I once worked with a client who specifically sought a reverse mortgage to cover future long-term care expenses. This is a good strategy because it’s been said that the last six months of your life will likely be the most expensive. In-home or nursing home care can cost $5,000 to $15,000 per month in today’s dollars. Such costs can wipe out a good-sized retirement nest egg in a very short period of time. I once worked with a gentleman who drained a $400,000 retirement account on medical costs for his critically-ill wife.
We all know the cost of everything goes up over time due to inflation. Life is not as cheap as it used to be years ago because our dollars don’t go as far as they used to. You might have noticed in the video that a Rooty Tooty breakfast back in the early 1990s was only $3.99. It costs about triple that amount today.
If you retire at age 65, you could be retired for another 20 years. You may be financially comfortable today, but what will the cost of living be in 20 years? I’ve talked with many seniors over the years who have felt the pinch of inflation. They were very comfortable when they first retired, but inflation has since eroded their purchasing power and now they’re barely getting by.
Sequence risk (or sequence of returns risk) can be a huge retirement account killer. If you’re reliant on income from IRAs, 401(k)s, etc., and the stock market declines early in retirement, you could be forced to sell shares into a a declining market. This increases the risk you’ll drain your retirement assets much faster than planned.
You can’t eliminate sequence risk altogether, but you can reduce it. The best way to do that is by having other financial resources – including home equity. Instead of selling shares in a down market, you can leave your retirement assets untouched and instead live on home equity until the market recovers. The helps protect and preserve your retirement assets and lifestyle for longer.

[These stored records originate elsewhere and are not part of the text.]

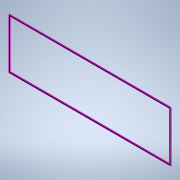
# Autodesk Inventor part: AluminumCasing
Saved by Autodesk Inventor 2021 (Build 250183000, 183)
## iProperties
Created: 2022-02-04
Part Number: AluminumCasing
Material: Generic
Document SubType Name: Modeling
Designer: tlar613
Density: 1 g/cm^3
Appearance: Default
Author: tlar613
Autodesk Inventor part; units mm, degrees
ref_plane "YZ Plane" through (0, 0, 0) normal (1, 0, 0) x (0, 1, 0)
ref_plane "XZ Plane" through (0, 0, 0) normal (0, 1, 0) x (-1, 0, 0)
ref_plane "XY Plane" through (0, 0, 0) normal (0, 0, 1) x (1, 0, 0)
sketch "Sketch1" plane through (0, 0, 0) normal (0, 0, 1) x (1, 0, 0)
  line L0 (-500, 150) -> (500, 150)
  line L1 (500, 150) -> (500, -150)
  line L2 (500, -150) -> (-500, -150)
  line L3 (-500, -150) -> (-500, 150)
  line L4 (-510, 160) -> (510, 160)
  line L5 (510, 160) -> (510, -160)
  line L6 (510, -160) -> (-510, -160)
  line L7 (-510, -160) -> (-510, 160)
  line L8 (0, 224) -> (0, -224) projected
  line L9 (-714, 0) -> (714, 0) projected
  point P0 (0, 0)
  dimension "d0" = 1000
  dimension "d1" = 300
  dimension "d2" = 1020
  dimension "d3" = 320
  constraints: 16 end point, 4 parallel, 2 horizontal, 2 perpendicular, 4 other
  measures "d0" distance of L0.start L0.end
  measures "d1" distance of L0.end L1.end
  measures "d2" distance of L4.start L4.end
  measures "d3" distance of L4.end L5.end
extrude "Extrusion1" add sketch "Sketch1" along normal blind 5 contours L3 L9 L7 L4 L8 L0 | L8 L4 L5 L9 L1 L0 | L3 L2 L8 L6 L7 L9 | L9 L5 L6 L8 L2 L1
body "Solid1"
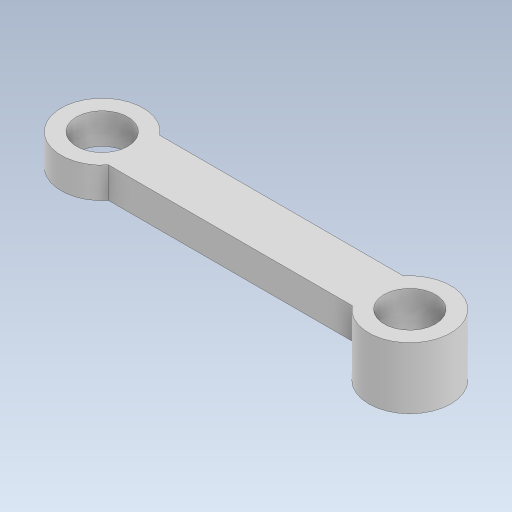
# Autodesk Inventor part: Arm Link
Saved by Autodesk Inventor 2023.5 (Build 275446000, 446)
## iProperties
Created: 2025-10-05
Part Number: Arm Link
Material: Generic
Document SubType Name: Modeling
Designer: Guntur
Density: 1 g/cm^3
Appearance: Default
Mass: 0.230385 g
Surface Area: 4.30131 cm^2
Volume: 0.230385 cm^3
Author: Guntur
## iProperties of the stored document Arm Link_3DPrint.ipt
Created: 2025-10-05
Part Number: Arm Link_3DPrint
Material: Generic
Document SubType Name: Modeling
Designer: Guntur
Density: 1 g/cm^3
Appearance: Default
Author: Guntur
Autodesk Inventor part; units mm, degrees
ref_plane "YZ Plane" through (0, 0, 0) normal (1, 0, 0) x (0, 1, 0)
ref_plane "XZ Plane" through (0, 0, 0) normal (0, 1, 0) x (-1, 0, 0)
ref_plane "XY Plane" through (0, 0, 0) normal (0, 0, 1) x (1, 0, 0)
sketch "Sketch1" plane through (0, 0, 0) normal (0, 1, 0) x (-1, 0, 0)
  circle A0 centre (0, 0) radius 2.5
  circle A1 centre (0, 0) radius 4
  circle A2 centre (-30, 0) radius 2.5
  circle A3 centre (-30, 0) radius 4
  line L0 (0, 2.5) -> (-30, 2.5)
  line L1 (-30, 2.5) -> (-30, -2.5)
  line L2 (-30, -2.5) -> (0, -2.5)
  line L3 (0, -2.5) -> (0, 2.5)
  point P0 (-3.4641, 2)
  point P1 (-26.5359, 2)
  point P2 (-26.5359, -2)
  point P3 (-3.4641, -2)
  point P4 (-27.2006, 2.8571)
  point P5 (-2.7994, 2.8571)
  point P6 (-2.7994, -2.8571)
  point P7 (-27.2006, -2.8571)
  point P8 (-26.8775, -2.5)
  point P9 (-3.1225, -2.5)
  point P10 (-3.1225, 2.5)
  point P11 (-26.8775, 2.5)
  dimension "d0" = 5
  dimension "d2" = 5
  dimension "d1" = 8
  dimension "d3" = 8
  dimension "d4" = 30
  constraints: 8 end point, 8 point on circle, 3 coincident, 2 centre point, 2 parallel, 2 vertical alignment, 1 horizontal, 1 perpendicular, 4 other
  measures "d1" diameter of A1
  measures "d3" diameter of A3
  measures "d4" distance of point (-30, 0) point (0, 0)
extrude "Extrusion1" add sketch "Sketch1" along normal blind 3 contours A0 L0 A1 L2 | A0 L2 A1 L0 | A1 L2 A3 L0 | L0 A2 L2 A3 | A3 L2 A2 L0
extrude "Extrusion2" add sketch "Sketch1" against normal blind 3 contours L0 A2 L2 A3 | A3 L2 A2 L0
body "Solid1"
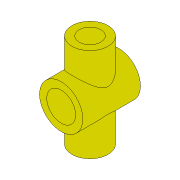
# Autodesk Inventor part: Crank
Saved by Autodesk Inventor 2022.5 (Build 265521000, 521)
## iProperties
Created: 2018-04-07
Part Number: Crank
Document SubType Name: Modeling
Designer: Administrator
Density: 1 g/cm^3
Mass: 13.3542 g
Surface Area: 74.9872 cm^2
Volume: 13.3542 cm^3
Material: Generic
Appearance: Clear - Yellow
Author: Administrator
Autodesk Inventor part; units mm, degrees
ref_plane "YZ Plane" through (0, 0, 0) normal (1, 0, 0) x (0, 1, 0)
ref_plane "XZ Plane" through (0, 0, 0) normal (0, 1, 0) x (-1, 0, 0)
ref_plane "XY Plane" through (0, 0, 0) normal (0, 0, 1) x (1, 0, 0)
sketch "Sketch8" plane through (0, 0, 0) normal (1, 0, 0) x (0, 1, 0)
  line L0 (0, 0) -> (0, -26)
  line L1 (0, -26) -> (10, -26)
  line L2 (0, 0) -> (16, 0) construction
  line L3 (10, -26) -> (10, 0)
  line L4 (0, 0) -> (0, 26)
  line L5 (0, 26) -> (10, 26)
  line L6 (10, 26) -> (10, 0)
  line L7 (6, -26) -> (6, 26)
  dimension "d26" = 26
  dimension "d27" = 16
  dimension "d28" = 10
  dimension "d29" = 6
  constraints: 16 end point, 3 perpendicular, 3 point on line, 2 symmetric about line, 1 horizontal, 1 vertical
  measures "d26" distance of L0.start L0.end
  measures "d27" distance of L0.start L2.end
  measures "d28" distance of L0.end L1.end
  measures "d29" distance between parallel lines of L7 L0
revolve "Revolution1" add sketch "Sketch8" angle 360 about axis through (0, 0, 0) along (0, 0, 1) contours L7 L5 L6 L3 L1
sketch "Sketch9" plane through (0, 0, 0) normal (1, 0, 0) x (0, 1, 0)
  line L0 (0, 0) -> (16, 0)
  line L1 (16, 0) -> (16, 12)
  line L2 (16, 12) -> (0, 12)
  line L3 (0, 12) -> (0, 0)
  line L4 (0, 0) -> (-16, 0)
  line L5 (-16, 0) -> (-16, 12)
  line L6 (-16, 12) -> (0, 12)
  line L7 (0, 12) -> (0, 0)
  dimension "d31" = 16
  dimension "d32" = 16
  dimension "d33" = 12
  constraints: 16 end point, 5 parallel, 2 horizontal, 2 perpendicular
  measures "d31" distance of L1.end L2.end
  measures "d32" distance between parallel lines of L5 L3
  measures "d33" distance of L0.end L1.end
revolve "Revolution2" add sketch "Sketch9" angle 360 about axis through (0, 0, 0) along (0, 1, 0)
sketch "Sketch10" plane through (0, 16, 0) normal (0, 1, 0) x (1, 0, 0)
  circle A0 centre (0, 0) radius 8
  dimension "d35" = 16
  constraints: 1 centre point, 1 coincident
  measures "d35" diameter of A0
extrude "Extrusion8" cut sketch "Sketch10" against normal through all
sketch "Sketch11" plane through (0, 0, 26) normal (0, 0, 1) x (1, 0, 0)
  circle A0 centre (0, 0) radius 6 projected
extrude "Extrusion9" cut sketch "Sketch11" against normal through all
body "Solid2"

For a more detailed explanation and analysis of how a reverse mortgage can reduce sequence risk, check out my article here.
Will your assets last as long as you do?
Today’s retirees are living longer than ever. It’s not unusual for retirees to live 20 years after they retire. A lot can change in that time! The cost of living will increase, you’ll incur home repairs, your health will decline, and you’ll probably see at least another complete stock market cycle. Your income and assets need to weather all of these risks if you want to be financially secure.
Home equity needs to be a part of the retirement planning picture. Home equity is that great untapped savings “account” built up over many years of maintaining your home and paying mortgage payments, property taxes, and homeowners insurance. A reverse mortgage can help you tap into that investment so you can better absorb unexpected expenses.
Let me be clear: a reverse mortgage is not for broke and desperate people. Seniors don’t need to be embarrassed by the reverse mortgage anymore. A reverse mortgage is not the perfect solution for everybody, but it’s a fantastic option for many. If a reverse mortgage can help you live more financially secure in retirement then, by all means, proudly take advantage of one.